McGinn lutava bastante contra Mazraoui e ganhou alguns duelos. McTominay começou a aparecer nas imediações da área, e Robertson acessou, enfim, a linha de fundo pela primeira vez. A Escócia tentou trazer para o 2º tempo o cenário da reta final do 1º. Trocou passes sem penetração no campo de ataque e buscou adiantar a marcação. Viu que do outro lado havia um time preparado para isso.
Marrocos superou a pressão com passes de pé em pé e talento de Bouaddi, Hakimi e Mazraoui. A bola circulou da direita para a esquerda rapidamente e El Khannouss foi à linha de fundo e cruzou para Saibari bater prensado no travessão. Na sequência, El Khannouss quase marcou de cabeça no escanteio muito bem cobrado por Hakimi. O placar já estava barato para a Escócia.
Christie, meia-atacante da Escócia, em ação contra o Marrocos
ANP via Getty Images
Gannon-Doak entrou pela direita do ataque antes dos 15 minutos. Tierney saiu. McGinn passou para a meia-esquerda. Logo depois da parada para hidratação, Che Adams e Christie deram lugar a Dykes e McLean. McTominay gerou algum incômodo ao se aproximar da área, esbanjou vontade e agressividade. Gannon-Doak ofereceu trabalho a Mazraoui, que reagiu muito bem.

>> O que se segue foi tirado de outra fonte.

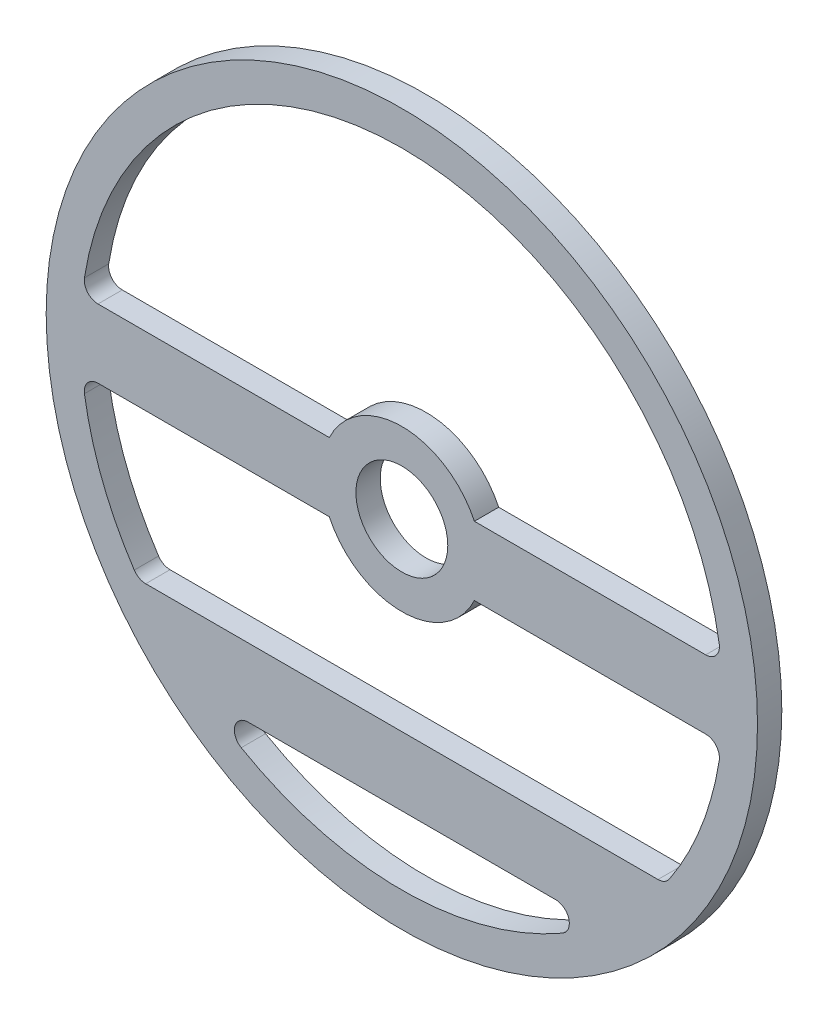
ISO-10303-21;
HEADER;
FILE_DESCRIPTION(('STEP AP214'),'2;1');
FILE_NAME('part.step','',(''),(''),'','','');
FILE_SCHEMA(('AUTOMOTIVE_DESIGN { 1 0 10303 214 1 1 1 1 }'));
ENDSEC;
DATA;
#1=APPLICATION_CONTEXT('core data for automotive mechanical design processes');
#2=APPLICATION_PROTOCOL_DEFINITION('international standard','automotive_design',2000,#1);
#3=PRODUCT_CONTEXT('',#1,'mechanical');
#4=PRODUCT('Part','Part','',(#3));
#5=PRODUCT_RELATED_PRODUCT_CATEGORY('part','',(#4));
#6=PRODUCT_DEFINITION_FORMATION('','',#4);
#7=PRODUCT_DEFINITION_CONTEXT('part definition',#1,'design');
#8=PRODUCT_DEFINITION('design','',#6,#7);
#9=PRODUCT_DEFINITION_SHAPE('','',#8);
#10=(LENGTH_UNIT() NAMED_UNIT(*) SI_UNIT(.MILLI.,.METRE.));
#11=(NAMED_UNIT(*) PLANE_ANGLE_UNIT() SI_UNIT($,.RADIAN.));
#12=(NAMED_UNIT(*) SI_UNIT($,.STERADIAN.) SOLID_ANGLE_UNIT());
#13=UNCERTAINTY_MEASURE_WITH_UNIT(LENGTH_MEASURE(1.E-05),#10,'distance_accuracy_value','');
#14=(GEOMETRIC_REPRESENTATION_CONTEXT(3) GLOBAL_UNCERTAINTY_ASSIGNED_CONTEXT((#13)) GLOBAL_UNIT_ASSIGNED_CONTEXT((#10,
#11,#12)) REPRESENTATION_CONTEXT('',''));
#15=CARTESIAN_POINT('',(0.,0.,0.));
#16=DIRECTION('',(0.,0.,1.));
#17=DIRECTION('',(1.,0.,0.));
#18=AXIS2_PLACEMENT_3D('',#15,#16,#17);
#19=CARTESIAN_POINT('',(0.,0.,4.5));
#20=DIRECTION('',(0.,0.,-1.));
#21=DIRECTION('',(-1.,0.,0.));
#22=AXIS2_PLACEMENT_3D('',#19,#20,#21);
#23=CYLINDRICAL_SURFACE('',#22,14.85);
#24=CARTESIAN_POINT('',(0.,0.,0.));
#25=DIRECTION('',(0.,0.,1.));
#26=DIRECTION('',(1.,0.,0.));
#27=AXIS2_PLACEMENT_3D('',#24,#25,#26);
#28=CIRCLE('',#27,14.85);
#29=CARTESIAN_POINT('',(-13.4238593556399,-6.35,0.));
#30=VERTEX_POINT('',#29);
#31=CARTESIAN_POINT('',(13.4238593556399,-6.35,0.));
#32=VERTEX_POINT('',#31);
#33=EDGE_CURVE('E325',#30,#32,#28,.T.);
#34=ORIENTED_EDGE('',*,*,#33,.T.);
#35=DIRECTION('',(0.,0.,-1.));
#36=VECTOR('',#35,1.);
#37=CARTESIAN_POINT('',(13.4238593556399,-6.35,4.5));
#38=LINE('',#37,#36);
#39=CARTESIAN_POINT('',(13.4238593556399,-6.35,4.5));
#40=VERTEX_POINT('',#39);
#41=EDGE_CURVE('E202',#40,#32,#38,.T.);
#42=ORIENTED_EDGE('',*,*,#41,.F.);
#43=CARTESIAN_POINT('',(0.,0.,4.5));
#44=DIRECTION('',(0.,0.,1.));
#45=DIRECTION('',(1.,0.,0.));
#46=AXIS2_PLACEMENT_3D('',#43,#44,#45);
#47=CIRCLE('',#46,14.85);
#48=CARTESIAN_POINT('',(-13.4238593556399,-6.35,4.5));
#49=VERTEX_POINT('',#48);
#50=EDGE_CURVE('E194',#49,#40,#47,.T.);
#51=ORIENTED_EDGE('',*,*,#50,.F.);
#52=DIRECTION('',(0.,0.,-1.));
#53=VECTOR('',#52,1.);
#54=CARTESIAN_POINT('',(-13.4238593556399,-6.35,4.5));
#55=LINE('',#54,#53);
#56=EDGE_CURVE('E199',#49,#30,#55,.T.);
#57=ORIENTED_EDGE('',*,*,#56,.T.);
#58=EDGE_LOOP('',(#34,#42,#51,#57));
#59=FACE_BOUND('',#58,.T.);
#60=ADVANCED_FACE('F35',(#59),#23,.T.);
#61=CARTESIAN_POINT('',(0.,-6.35,4.5));
#62=DIRECTION('',(0.,-1.,0.));
#63=DIRECTION('',(1.,0.,0.));
#64=AXIS2_PLACEMENT_3D('',#61,#62,#63);
#65=PLANE('',#64);
#66=DIRECTION('',(-1.,0.,0.));
#67=VECTOR('',#66,1.);
#68=CARTESIAN_POINT('',(0.,-6.35,0.));
#69=LINE('',#68,#67);
#70=CARTESIAN_POINT('',(56.234996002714,-6.34999999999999,0.));
#71=VERTEX_POINT('',#70);
#72=EDGE_CURVE('E313',#71,#32,#69,.T.);
#73=ORIENTED_EDGE('',*,*,#72,.F.);
#74=DIRECTION('',(0.,0.,1.));
#75=VECTOR('',#74,1.);
#76=CARTESIAN_POINT('',(56.234996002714,-6.34999999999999,4.5));
#77=LINE('',#76,#75);
#78=CARTESIAN_POINT('',(56.234996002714,-6.34999999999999,4.5));
#79=VERTEX_POINT('',#78);
#80=EDGE_CURVE('E230',#71,#79,#77,.T.);
#81=ORIENTED_EDGE('',*,*,#80,.T.);
#82=DIRECTION('',(-1.,0.,0.));
#83=VECTOR('',#82,1.);
#84=CARTESIAN_POINT('',(0.,-6.35,4.5));
#85=LINE('',#84,#83);
#86=EDGE_CURVE('E341',#79,#40,#85,.T.);
#87=ORIENTED_EDGE('',*,*,#86,.T.);
#88=ORIENTED_EDGE('',*,*,#41,.T.);
#89=EDGE_LOOP('',(#73,#81,#87,#88));
#90=FACE_BOUND('',#89,.T.);
#91=ADVANCED_FACE('F338',(#90),#65,.T.);
#92=CARTESIAN_POINT('',(0.,0.,4.5));
#93=DIRECTION('',(0.,0.,-1.));
#94=DIRECTION('',(-1.,0.,0.));
#95=AXIS2_PLACEMENT_3D('',#92,#93,#94);
#96=CYLINDRICAL_SURFACE('',#95,59.4733546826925);
#97=CARTESIAN_POINT('',(0.,0.,4.5));
#98=DIRECTION('',(0.,0.,1.));
#99=DIRECTION('',(1.,0.,0.));
#100=AXIS2_PLACEMENT_3D('',#97,#98,#99);
#101=CIRCLE('',#100,59.4733546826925);
#102=CARTESIAN_POINT('',(49.5179271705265,-32.9401700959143,4.5));
#103=VERTEX_POINT('',#102);
#104=CARTESIAN_POINT('',(58.7438397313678,-9.28661460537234,4.5));
#105=VERTEX_POINT('',#104);
#106=EDGE_CURVE('E353',#103,#105,#101,.T.);
#107=ORIENTED_EDGE('',*,*,#106,.T.);
#108=DIRECTION('',(0.,0.,-1.));
#109=VECTOR('',#108,1.);
#110=CARTESIAN_POINT('',(58.7438397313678,-9.28661460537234,4.5));
#111=LINE('',#110,#109);
#112=CARTESIAN_POINT('',(58.7438397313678,-9.28661460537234,0.));
#113=VERTEX_POINT('',#112);
#114=EDGE_CURVE('E227',#105,#113,#111,.T.);
#115=ORIENTED_EDGE('',*,*,#114,.T.);
#116=CARTESIAN_POINT('',(0.,0.,0.));
#117=DIRECTION('',(0.,0.,1.));
#118=DIRECTION('',(1.,0.,0.));
#119=AXIS2_PLACEMENT_3D('',#116,#117,#118);
#120=CIRCLE('',#119,59.4733546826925);
#121=CARTESIAN_POINT('',(49.5179271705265,-32.9401700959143,0.));
#122=VERTEX_POINT('',#121);
#123=EDGE_CURVE('E304',#122,#113,#120,.T.);
#124=ORIENTED_EDGE('',*,*,#123,.F.);
#125=DIRECTION('',(0.,0.,-1.));
#126=VECTOR('',#125,1.);
#127=CARTESIAN_POINT('',(49.5179271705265,-32.9401700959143,4.5));
#128=LINE('',#127,#126);
#129=EDGE_CURVE('E225',#122,#103,#128,.F.);
#130=ORIENTED_EDGE('',*,*,#129,.T.);
#131=EDGE_LOOP('',(#107,#115,#124,#130));
#132=FACE_BOUND('',#131,.T.);
#133=ADVANCED_FACE('F350',(#132),#96,.F.);
#134=CARTESIAN_POINT('',(0.,-34.0733546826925,4.5));
#135=DIRECTION('',(0.,1.,0.));
#136=DIRECTION('',(-1.,0.,0.));
#137=AXIS2_PLACEMENT_3D('',#134,#135,#136);
#138=PLANE('',#137);
#139=DIRECTION('',(1.,0.,0.));
#140=VECTOR('',#139,1.);
#141=CARTESIAN_POINT('',(0.,-34.0733546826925,4.5));
#142=LINE('',#141,#140);
#143=CARTESIAN_POINT('',(-47.4031055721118,-34.0733546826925,4.5));
#144=VERTEX_POINT('',#143);
#145=CARTESIAN_POINT('',(47.4031055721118,-34.0733546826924,4.5));
#146=VERTEX_POINT('',#145);
#147=EDGE_CURVE('E355',#144,#146,#142,.T.);
#148=ORIENTED_EDGE('',*,*,#147,.T.);
#149=DIRECTION('',(0.,0.,1.));
#150=VECTOR('',#149,1.);
#151=CARTESIAN_POINT('',(47.4031055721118,-34.0733546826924,0.));
#152=LINE('',#151,#150);
#153=CARTESIAN_POINT('',(47.4031055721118,-34.0733546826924,0.));
#154=VERTEX_POINT('',#153);
#155=EDGE_CURVE('E234',#146,#154,#152,.F.);
#156=ORIENTED_EDGE('',*,*,#155,.T.);
#157=DIRECTION('',(1.,0.,0.));
#158=VECTOR('',#157,1.);
#159=CARTESIAN_POINT('',(0.,-34.0733546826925,0.));
#160=LINE('',#159,#158);
#161=CARTESIAN_POINT('',(-47.4031055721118,-34.0733546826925,0.));
#162=VERTEX_POINT('',#161);
#163=EDGE_CURVE('E302',#162,#154,#160,.T.);
#164=ORIENTED_EDGE('',*,*,#163,.F.);
#165=DIRECTION('',(0.,0.,1.));
#166=VECTOR('',#165,1.);
#167=CARTESIAN_POINT('',(-47.4031055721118,-34.0733546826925,4.5));
#168=LINE('',#167,#166);
#169=EDGE_CURVE('E232',#162,#144,#168,.T.);
#170=ORIENTED_EDGE('',*,*,#169,.T.);
#171=EDGE_LOOP('',(#148,#156,#164,#170));
#172=FACE_BOUND('',#171,.T.);
#173=ADVANCED_FACE('F419',(#172),#138,.T.);
#174=CARTESIAN_POINT('',(-58.7438397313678,-9.28661460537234,4.5));
#175=VERTEX_POINT('',#174);
#176=CARTESIAN_POINT('',(-49.5179271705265,-32.9401700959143,4.5));
#177=VERTEX_POINT('',#176);
#178=EDGE_CURVE('E281',#175,#177,#101,.T.);
#179=ORIENTED_EDGE('',*,*,#178,.T.);
#180=DIRECTION('',(0.,0.,-1.));
#181=VECTOR('',#180,1.);
#182=CARTESIAN_POINT('',(-49.5179271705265,-32.9401700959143,4.5));
#183=LINE('',#182,#181);
#184=CARTESIAN_POINT('',(-49.5179271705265,-32.9401700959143,0.));
#185=VERTEX_POINT('',#184);
#186=EDGE_CURVE('E239',#177,#185,#183,.T.);
#187=ORIENTED_EDGE('',*,*,#186,.T.);
#188=CARTESIAN_POINT('',(-58.7438397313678,-9.28661460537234,0.));
#189=VERTEX_POINT('',#188);
#190=EDGE_CURVE('E297',#189,#185,#120,.T.);
#191=ORIENTED_EDGE('',*,*,#190,.F.);
#192=DIRECTION('',(0.,0.,-1.));
#193=VECTOR('',#192,1.);
#194=CARTESIAN_POINT('',(-58.7438397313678,-9.28661460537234,4.5));
#195=LINE('',#194,#193);
#196=EDGE_CURVE('E237',#189,#175,#195,.F.);
#197=ORIENTED_EDGE('',*,*,#196,.T.);
#198=EDGE_LOOP('',(#179,#187,#191,#197));
#199=FACE_BOUND('',#198,.T.);
#200=ADVANCED_FACE('F300',(#199),#96,.F.);
#201=CARTESIAN_POINT('',(0.,6.35,4.5));
#202=DIRECTION('',(0.,-1.,0.));
#203=DIRECTION('',(1.,0.,0.));
#204=AXIS2_PLACEMENT_3D('',#201,#202,#203);
#205=PLANE('',#204);
#206=DIRECTION('',(-1.,0.,0.));
#207=VECTOR('',#206,1.);
#208=CARTESIAN_POINT('',(0.,6.35,4.5));
#209=LINE('',#208,#207);
#210=CARTESIAN_POINT('',(56.234996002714,6.35,4.5));
#211=VERTEX_POINT('',#210);
#212=CARTESIAN_POINT('',(13.4238593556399,6.35,4.5));
#213=VERTEX_POINT('',#212);
#214=EDGE_CURVE('E170',#211,#213,#209,.T.);
#215=ORIENTED_EDGE('',*,*,#214,.F.);
#216=DIRECTION('',(0.,0.,-1.));
#217=VECTOR('',#216,1.);
#218=CARTESIAN_POINT('',(56.234996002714,6.35,4.5));
#219=LINE('',#218,#217);
#220=CARTESIAN_POINT('',(56.234996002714,6.35,0.));
#221=VERTEX_POINT('',#220);
#222=EDGE_CURVE('E218',#211,#221,#219,.T.);
#223=ORIENTED_EDGE('',*,*,#222,.T.);
#224=DIRECTION('',(-1.,0.,0.));
#225=VECTOR('',#224,1.);
#226=CARTESIAN_POINT('',(0.,6.35,0.));
#227=LINE('',#226,#225);
#228=CARTESIAN_POINT('',(13.4238593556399,6.35,0.));
#229=VERTEX_POINT('',#228);
#230=EDGE_CURVE('E197',#221,#229,#227,.T.);
#231=ORIENTED_EDGE('',*,*,#230,.T.);
#232=DIRECTION('',(0.,0.,-1.));
#233=VECTOR('',#232,1.);
#234=CARTESIAN_POINT('',(13.4238593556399,6.35,4.5));
#235=LINE('',#234,#233);
#236=EDGE_CURVE('E189',#213,#229,#235,.T.);
#237=ORIENTED_EDGE('',*,*,#236,.F.);
#238=EDGE_LOOP('',(#215,#223,#231,#237));
#239=FACE_BOUND('',#238,.T.);
#240=ADVANCED_FACE('F195',(#239),#205,.F.);
#241=CARTESIAN_POINT('',(-13.4238593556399,6.35,0.));
#242=VERTEX_POINT('',#241);
#243=EDGE_CURVE('E319',#229,#242,#28,.T.);
#244=ORIENTED_EDGE('',*,*,#243,.T.);
#245=DIRECTION('',(0.,0.,-1.));
#246=VECTOR('',#245,1.);
#247=CARTESIAN_POINT('',(-13.4238593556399,6.35,4.5));
#248=LINE('',#247,#246);
#249=CARTESIAN_POINT('',(-13.4238593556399,6.35,4.5));
#250=VERTEX_POINT('',#249);
#251=EDGE_CURVE('E191',#250,#242,#248,.T.);
#252=ORIENTED_EDGE('',*,*,#251,.F.);
#253=EDGE_CURVE('E175',#213,#250,#47,.T.);
#254=ORIENTED_EDGE('',*,*,#253,.F.);
#255=ORIENTED_EDGE('',*,*,#236,.T.);
#256=EDGE_LOOP('',(#244,#252,#254,#255));
#257=FACE_BOUND('',#256,.T.);
#258=ADVANCED_FACE('F188',(#257),#23,.T.);
#259=CARTESIAN_POINT('',(0.,6.35,4.5));
#260=DIRECTION('',(0.,1.,0.));
#261=DIRECTION('',(-1.,0.,0.));
#262=AXIS2_PLACEMENT_3D('',#259,#260,#261);
#263=PLANE('',#262);
#264=DIRECTION('',(1.,0.,0.));
#265=VECTOR('',#264,1.);
#266=CARTESIAN_POINT('',(0.,6.35,0.));
#267=LINE('',#266,#265);
#268=CARTESIAN_POINT('',(-56.234996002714,6.35,0.));
#269=VERTEX_POINT('',#268);
#270=EDGE_CURVE('E322',#269,#242,#267,.T.);
#271=ORIENTED_EDGE('',*,*,#270,.F.);
#272=DIRECTION('',(0.,0.,1.));
#273=VECTOR('',#272,1.);
#274=CARTESIAN_POINT('',(-56.234996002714,6.35,4.5));
#275=LINE('',#274,#273);
#276=CARTESIAN_POINT('',(-56.234996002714,6.35,4.5));
#277=VERTEX_POINT('',#276);
#278=EDGE_CURVE('E50',#269,#277,#275,.T.);
#279=ORIENTED_EDGE('',*,*,#278,.T.);
#280=DIRECTION('',(1.,0.,0.));
#281=VECTOR('',#280,1.);
#282=CARTESIAN_POINT('',(0.,6.35,4.5));
#283=LINE('',#282,#281);
#284=EDGE_CURVE('E192',#277,#250,#283,.T.);
#285=ORIENTED_EDGE('',*,*,#284,.T.);
#286=ORIENTED_EDGE('',*,*,#251,.T.);
#287=EDGE_LOOP('',(#271,#279,#285,#286));
#288=FACE_BOUND('',#287,.T.);
#289=ADVANCED_FACE('F410',(#288),#263,.T.);
#290=CARTESIAN_POINT('',(0.,-46.7733546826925,4.5));
#291=DIRECTION('',(0.,1.,0.));
#292=DIRECTION('',(-1.,0.,0.));
#293=AXIS2_PLACEMENT_3D('',#290,#291,#292);
#294=PLANE('',#293);
#295=DIRECTION('',(1.,0.,0.));
#296=VECTOR('',#295,1.);
#297=CARTESIAN_POINT('',(0.,-46.7733546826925,4.5));
#298=LINE('',#297,#296);
#299=CARTESIAN_POINT('',(-28.4534694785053,-46.7733546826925,4.5));
#300=VERTEX_POINT('',#299);
#301=CARTESIAN_POINT('',(28.4534694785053,-46.7733546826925,4.5));
#302=VERTEX_POINT('',#301);
#303=EDGE_CURVE('E332',#300,#302,#298,.T.);
#304=ORIENTED_EDGE('',*,*,#303,.F.);
#305=DIRECTION('',(0.,0.,-1.));
#306=VECTOR('',#305,1.);
#307=CARTESIAN_POINT('',(-28.4534694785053,-46.7733546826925,4.5));
#308=LINE('',#307,#306);
#309=CARTESIAN_POINT('',(-28.4534694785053,-46.7733546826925,0.));
#310=VERTEX_POINT('',#309);
#311=EDGE_CURVE('E210',#300,#310,#308,.T.);
#312=ORIENTED_EDGE('',*,*,#311,.T.);
#313=DIRECTION('',(1.,0.,0.));
#314=VECTOR('',#313,1.);
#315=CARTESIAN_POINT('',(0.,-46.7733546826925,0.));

Hendry e Ferguson foram peças importantes para impedir que Marrocos conseguisse concluir alguns ataques. Robertson foi outro a subir de produção e aparecer mais no ataque. Não havia, no entanto, regularidade nas ações ofensivas. A dupla de zaga marroquina foi muito bem protegendo a área. Chadi Riad bloqueou uma finalização muito promissora de McTominay.
Os africanos só foram fazer substituições depois dos 35 minutos. Período em que a Escócia enfim conseguiu estabelecer uma ronda nas imediações da área. McTominay manteve-se como homem mais perigoso dos europeus. Marrocos encaixou dois contragolpes e a dificuldade de ampliar o placar impediu que o placar fosse maior.